From Julie’s perspective, she and her PhD colleagues had little in common, both in terms of their identity, including age and lifestyle and in terms of their work, as they were from Marketing and she was from Management. My interpretation was, then, that Julie assessed her position towards them from the standpoint of her student identity and not from the continuum of a newcomer to full participant (Lave and Wenger, 1991), which could be more useful for a student in transition, regarding identity development. In doing so I believe Julie possibly missed some opportunities to identify helpful others in her office (Eraut, 2007), which are people in the placement, apart from the designated mentors, that could act as learning mediators and possible role models into the type of professional she could become.

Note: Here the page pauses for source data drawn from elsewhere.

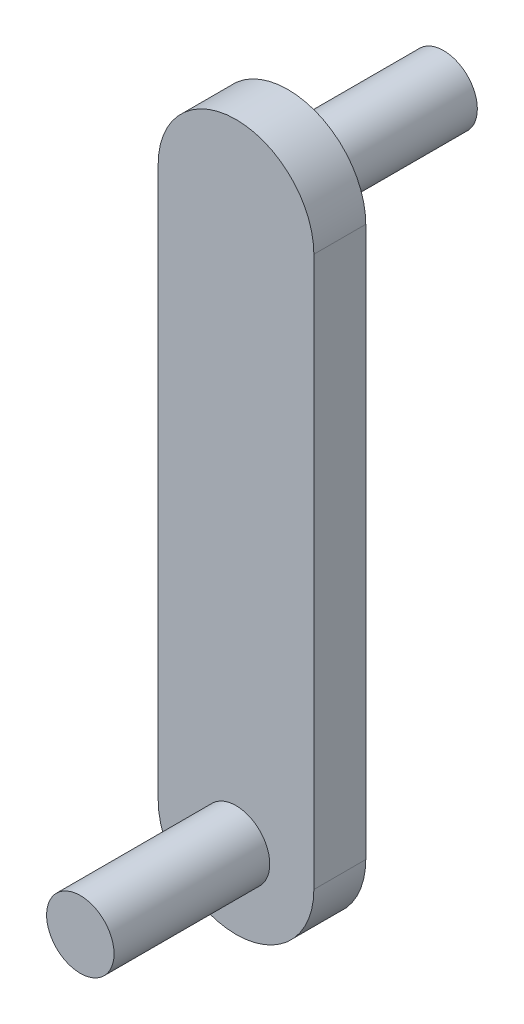
SolidWorks part; units mm, degrees
ref_plane "Front Plane" through (0, 0, 0) normal (0, 0, 1) x (1, 0, 0)
ref_plane "Top Plane" through (0, 0, 0) normal (0, 1, 0) x (1, 0, 0)
ref_plane "Right Plane" through (0, 0, 0) normal (1, 0, 0) x (0, 0, -1)
sketch "Sketch1" plane through (0, 0, 0) normal (0, 0, 1) x (1, 0, 0)
  line L0 (0, 0) -> (0, -53) construction
  line L1 (7.5, 0) -> (7.5, -53)
  line L2 (-7.5, 0) -> (-7.5, -53)
  arc A0 (7.5, 0) -> (-7.5, 0) centre (0, 0) ccw
  arc A1 (-7.5, -53) -> (7.5, -53) centre (0, -53) ccw
  circle A2 centre (0, 0) radius 3.25
  circle A3 centre (0, -53) radius 3.25
  point P3 (0, -26.5)
  dimension "D2" = 6.5
  dimension "D3" = 7.5
  dimension "D1" = 53
extrude "Boss-Extrude1" add sketch "Sketch1" along normal mid plane 5 contours A2 | A3 | L2 A1 L1 A0 A2 A3 region at (0, -26.5, 0) region at (0, 0, 0) region at (0, -53, 0)
extrude "Boss-Extrude2" add sketch "Sketch1<3>" against normal blind 17.5 contours A2
sketch "Sketch1<3>" plane through (0, 0, 0) normal (0, 0, 1) x (1, 0, 0) same geometry as "Sketch1"
extrude "Boss-Extrude3" add sketch "Sketch1<4>" along normal blind 17.5 contours A3
sketch "Sketch1<4>" plane through (0, 0, 0) normal (0, 0, 1) x (1, 0, 0) same geometry as "Sketch1"

Regarding interactions in the placement, Julie also struggled to act her role around her supervisors. She would acknowledge the gap of experience and knowledge between her and them, but instead of viewing herself as a student in transition between newcomer and full participant, surrounded by more experienced peers, she was, almost, self-trapped in her position as a student. “(…) but I did still feel like I was their student throughout the year, just because, you know, they’re so experienced and… (Laughing). Even though they used to treat me like a colleague, I think it’s just myself, because I did feel like, you know, I’m still their student.”

(Julie, Interview 4)

In my interpretation of Julie’s experience the perception of being almost self- trapped in her student role is an important aspect, because Julie did feel more like a professional or like a colleague when she went into industries to collect data. It was only when she was in the university, around her supervisors, the PhD students and the other students that she would not move from her perception of herself as student to a researcher.

In conclusion, Julie’s outlook on the placement can be understood as a limitation towards her assessment of opportunities for development as I believe that she interacted with the placement from a particular position, that of a student, which limited her belonging. The argument developed in this section was then, that her outlook on the placement, facilitated by instances of near transfer (Mayer, 1975; Royer, 1978) and the interpretation of the placement as a mediational transition required of her the maintenance of a peripheral participation in the placement (Urrieta, 2007). Ultimately, this self- positioning limited her ability to become a full participant (Lave and Wenger, 1991), because “(…) the whole year, it was like, I just saw myself as student” (Julie, Interview 5). Hence, while placements are supposed to expose students to “possible futures” (Wenger, 2000, p. 241), Julie’s focus on being a student prevented her to make this identity leap.

The implications of this argument were that, in practice, Julie’s prior knowledge might have acted as a barrier to her ability to present herself as a researcher and, theoretically, that Julie’s struggle with identity development in the placement opened a space for critiquing frameworks supporting transfer

based on identical elements and similarities, and on the characterisation of placements as simulations in which students strongly position themselves as being in between their studies.